L’humain a évolué en dormant avec au moins un ou plusieurs autres humains de sa famille ou de sa communauté. Le degré de proximité physique est variable selon les endroits : dans le même espace, côte-à-côte, collés ou entrelacés.
Ça ajoute un niveau de complexité supérieur concernant la “biomécanique du sommeil” : Comment se positionnent les dormeurs en grand groupe? en petit groupe? avec des enfants? des aînés? des bébés? comment est-ce différent entre des personnes non reliées versus membres de la même famille?
Considérer notre style de vie
Je voulais vraiment en savoir davantage alors j’ai contacté Patrick pour l’inviter au podcast et il a dit oui! 😄Basé à New York, Patrick Hogan est coach, entraîneur de mouvement et fondateur de In Aligned Movement. Dans l’épisode intitulé Dormir autrement, on parle avec lui des bienfaits de dormir au sol et de développer la résilience de notre corps.
Patrick m’a fait réaliser que la mécanique du sommeil est assez complexe et que c’est difficile d’identifier la source de nos inconforts. C’est d’autant plus complexe d’adresser la situation alors que la majorité des articles sur le sujet s’inscrivent dans le paradigme du matelas et de l’oreiller industriels. Par exemple, si une position est douloureuse, est-ce à cause de la mollesse (ou dureté) du matelas, de l’épaisseur de l’oreiller ou de l’incapacité de notre corps à adopter certaines positions? Comment savoir si nos tensions (au cou, au dos, etc.) sont liées au contexte de sommeil lui-même ou à des problèmes physiques de nos activités (ou de notre inactivité) durant la journée?
[Ça me fait d’ailleurs penser au témoignage de ce couple qui a fait l’expérimentation de dormir au sol pendant un an. Ils ont fait la transition vers un matelas au sol, puis sont retourné au lit classique en espérant régler les douleurs au dos de la femme. Finalement, ils sont revenus à dormir au sol après avoir réalisé que les problèmes de dos étaient liés aux heures passées assises devant l'ordinateur durant la journée et non au lit lui-même.]

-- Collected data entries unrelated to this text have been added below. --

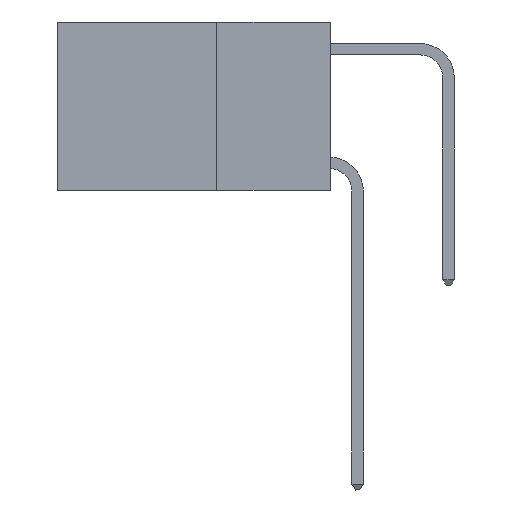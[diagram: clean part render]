
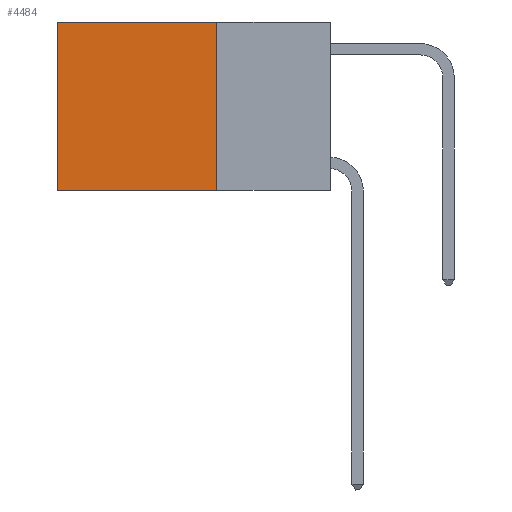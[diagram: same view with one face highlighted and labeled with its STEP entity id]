
A CAD part, left-side view. The second image highlights one B-rep face of the part: STEP entity #4484.
In plain terms, the highlighted planar face has unit normal (-1, 0, 0).
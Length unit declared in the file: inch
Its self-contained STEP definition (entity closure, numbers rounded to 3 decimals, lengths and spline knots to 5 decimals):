
#493 = EDGE_CURVE ( 'NONE', #12152, #10065, #9123, .T. ) ;
#758 = VECTOR ( 'NONE', #2307, 39.37008 ) ;
#1864 = AXIS2_PLACEMENT_3D ( 'NONE', #1890, #8805, #2895 ) ;
#1890 = CARTESIAN_POINT ( 'NONE',  ( 0.2625, 0.25, 0. ) ) ;
#2307 = DIRECTION ( 'NONE',  ( 0., 1., 0. ) ) ;
#2585 = DIRECTION ( 'NONE',  ( 0., 0., -1. ) ) ;
#2730 = CARTESIAN_POINT ( 'NONE',  ( 0.2625, 0.6, -0.37 ) ) ;
#2848 = VERTEX_POINT ( 'NONE', #4129 ) ;
#2895 = DIRECTION ( 'NONE',  ( 0., 0., -1. ) ) ;
#2959 = VECTOR ( 'NONE', #3633, 39.37008 ) ;
#3327 = VECTOR ( 'NONE', #9781, 39.37008 ) ;
#3633 = DIRECTION ( 'NONE',  ( 0., 1., 0. ) ) ;
#3944 = ORIENTED_EDGE ( 'NONE', *, *, #10634, .F. ) ;
#4129 = CARTESIAN_POINT ( 'NONE',  ( 0.2625, 0.25, 0. ) ) ;
#4157 = FACE_OUTER_BOUND ( 'NONE', #9249, .T. ) ;
#4479 = VERTEX_POINT ( 'NONE', #11626 ) ;
#4484 = ADVANCED_FACE ( 'NONE', ( #4157 ), #12542, .F. ) ;
#5895 = CARTESIAN_POINT ( 'NONE',  ( 0.2625, 0.6, 0. ) ) ;
#6245 = LINE ( 'NONE', #5895, #3327 ) ;
#7359 = EDGE_CURVE ( 'NONE', #2848, #4479, #8689, .T. ) ;
#7566 = ORIENTED_EDGE ( 'NONE', *, *, #7359, .T. ) ;
#7877 = LINE ( 'NONE', #8557, #12314 ) ;
#8079 = ORIENTED_EDGE ( 'NONE', *, *, #12522, .T. ) ;
#8254 = CARTESIAN_POINT ( 'NONE',  ( 0.2625, 0.25, -0.37 ) ) ;
#8557 = CARTESIAN_POINT ( 'NONE',  ( 0.2625, 0.25, 0. ) ) ;
#8689 = LINE ( 'NONE', #9193, #758 ) ;
#8805 = DIRECTION ( 'NONE',  ( 1., 0., 0. ) ) ;
#9123 = LINE ( 'NONE', #12310, #2959 ) ;
#9193 = CARTESIAN_POINT ( 'NONE',  ( 0.2625, 0.25, 0. ) ) ;
#9249 = EDGE_LOOP ( 'NONE', ( #8079, #11536, #3944, #7566 ) ) ;
#9781 = DIRECTION ( 'NONE',  ( 0., 0., -1. ) ) ;
#10065 = VERTEX_POINT ( 'NONE', #2730 ) ;
#10634 = EDGE_CURVE ( 'NONE', #2848, #12152, #7877, .T. ) ;
#11536 = ORIENTED_EDGE ( 'NONE', *, *, #493, .F. ) ;
#11626 = CARTESIAN_POINT ( 'NONE',  ( 0.2625, 0.6, 0. ) ) ;
#12152 = VERTEX_POINT ( 'NONE', #8254 ) ;
#12310 = CARTESIAN_POINT ( 'NONE',  ( 0.2625, 0.25, -0.37 ) ) ;
#12314 = VECTOR ( 'NONE', #2585, 39.37008 ) ;
#12522 = EDGE_CURVE ( 'NONE', #4479, #10065, #6245, .T. ) ;
#12542 = PLANE ( 'NONE',  #1864 ) ;

Dans cet esprit, on discutait justement avec Patrick de l'importance de repenser nos maisons et de questionner le confort moderne pour bouger plus naturellement. Il rappelle que notre matelas et les postures qui y sont associées ne sont qu’une facette d’un sommeil adéquat. C’est tout aussi essentiel d’adresser les autres dimensions de la nuit et de considérer ce qu’on fait en journée pour mieux dormir le soir venu.
Bref, dormir autrement, c’est faire un “zoom-in” sur nos mouvements, mais aussi un “zoom-out” sur notre habitat et style de vie.